→ DATASET EXCERPTS
^^^^

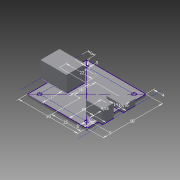
# Autodesk Inventor part: PCB-Model
Saved by Autodesk Inventor 2014 (Build 180170000, 170)
## iProperties
Created: 2013-01-07
Part Number: PCB-Model
Material: Generic
Document SubType Name: Modeling
Designer: md
Density: 1 g/cm^3
Appearance: Default
Author: md
Autodesk Inventor part; units mm, degrees
ref_plane "YZ Plane" through (0, 0, 0) normal (1, 0, 0) x (0, 1, 0)
ref_plane "XZ Plane" through (0, 0, 0) normal (0, 1, 0) x (-1, 0, 0)
ref_plane "XY Plane" through (0, 0, 0) normal (0, 0, 1) x (1, 0, 0)
sketch "Platine" plane through (0, 0, 0) normal (0, 0, 1) x (1, 0, 0)
  line L0 (-25, -19.16) -> (25, -19.16)
  line L1 (25, -19.16) -> (25, 30.84)
  line L2 (25, 30.84) -> (-25, 30.84)
  line L3 (-25, 30.84) -> (-25, -19.16)
  line L4 (-25, -19.16) -> (25, 30.84)
  line L5 (25, -19.16) -> (-25, 30.84)
  line L6 (-31, -2.16) -> (-9, -2.16)
  line L7 (-9, -2.16) -> (-9, 13.84)
  line L8 (-9, 13.84) -> (-31, 13.84)
  line L9 (-31, 13.84) -> (-31, -2.16)
  line L10 (29, -9.76) -> (15, -9.76)
  line L11 (15, -9.76) -> (15, -0.21)
  line L12 (15, -0.21) -> (29, -0.21)
  line L13 (29, -0.21) -> (29, -9.76)
  line L14 (15, 7.84) -> (29, 7.84)
  line L15 (29, 7.84) -> (29, 18)
  line L16 (29, 18) -> (15, 18)
  line L17 (15, 18) -> (15, 7.84)
  circle A0 centre (-20, 25.84) radius 1.5
  circle A1 centre (20, -14.16) radius 1.5
  line L18 (-31, 32.4529) -> (-31, -19) construction
  line L19 (29, 40.2658) -> (29, -31.3692) construction
  line L20 (-20, 25.84) -> (20, 25.84) construction
  line L21 (20, 25.84) -> (20, -14.16) construction
  line L22 (20, -14.16) -> (-20, -14.16) construction
  line L23 (-20, -14.16) -> (-20, 25.84) construction
  circle A2 centre (20, 25.84) radius 1.5
  circle A3 centre (-20, -14.16) radius 1.5
  point P0 (0, 0)
  point P1 (0, 5.84)
  dimension "d0" = 50
  dimension "d1" = 50
  dimension "d2" = 22
  dimension "d3" = 16
  dimension "d4" = 17
  dimension "d6" = 14
  dimension "d7" = 9.55
  dimension "d8" = 9.4
  dimension "d10" = 10.16
  dimension "d11" = 14
  dimension "d12" = 27
  dimension "d14" = 3
  dimension "d15" = 5
  dimension "d16" = 5
  dimension "d17" = 5
  dimension "d18" = 5
  dimension "d19" = 18
  dimension "d127" = 6
  dimension "d128" = 4
  dimension "d129" = 25
  constraints: 48 end point, 12 parallel, 5 horizontal, 5 perpendicular, 4 centre point, 3 collinear, 3 equal radius, 2 coincident, 2 midpoint
  measures "d0" distance between parallel lines of L0 L2
  measures "d1" distance between parallel lines of L1 L3
  measures "d2" distance between parallel lines of L7 L9
  measures "d3" distance of L8.end L6.start
  measures "d4" distance between parallel lines of L6 L0
  measures "d6" distance between parallel lines of L13 L11
  measures "d7" distance between parallel lines of L10 L12
  measures "d8" distance between parallel lines of L0 L10
  measures "d10" distance between parallel lines of L14 L16
  measures "d11" distance between parallel lines of L15 L17
  measures "d12" distance between parallel lines of L0 L14
  measures "d14" diameter of A0
  measures "d15" distance from line of L20.start L3
  measures "d16" distance from line of L20.start L2
  measures "d17" distance from line of L21.end L1
  measures "d18" distance from line of L21.end L0
  measures "d19" distance from line of point (0, 0) L16
  measures "d127" distance between parallel lines of L3 L18
  measures "d128" distance between parallel lines of L19 L1
  measures "d129" distance from line of L1 point (0, 0)
extrude "Platinengeometrie" add sketch "Platine" against normal blind 2 contours L4 A3 L5 L11 L10 A1 L0 | L3 L6 L7 L8 L5 A0 L4 A3 | L5 A1 L10 L1 | L3 L8 L7 L6 | A3 L4 | L4 A3 | L10 L5 L11 L12 L1 | A1 L5 | L5 A1 | L12 L11 L5 L4 A2 L1 L16 L17 L14 | L10 L11 L5 | L2 L4 A2 L5 A0 | L14 L17 L16 L1 | A0 L5 | L5 A0 | A2 L4 | L4 A2
extrude "MEBP 8-8G" add sketch "Platine" along normal blind 13.5 contours L6 L9 L8 L3 | L3 L8 L7 L6
extrude "HEBW21" add sketch "Platine" along normal blind 11 contours L10 L5 L11 L12 L1 | L1 L12 L13 L10 | L10 L11 L5
extrude "PSS 254/4W" add sketch "Platine" along normal blind 5 contours L14 L17 L16 L1 | L1 L16 L15 L14
extrude "Extrusion9" cut sketch "Platine" against normal up to next contours A1 L5 | L5 A1 | A0 L5 | L5 A0
equation "\"d136\" = d18"

^^^^

→ EXERCISE PROMPT
Look through the records and copy down every line that holds "start".

→ WRITTEN RESPONSE
  measures "d3" distance of L8.end L6.start
  measures "d15" distance from line of L20.start L3
  measures "d16" distance from line of L20.start L2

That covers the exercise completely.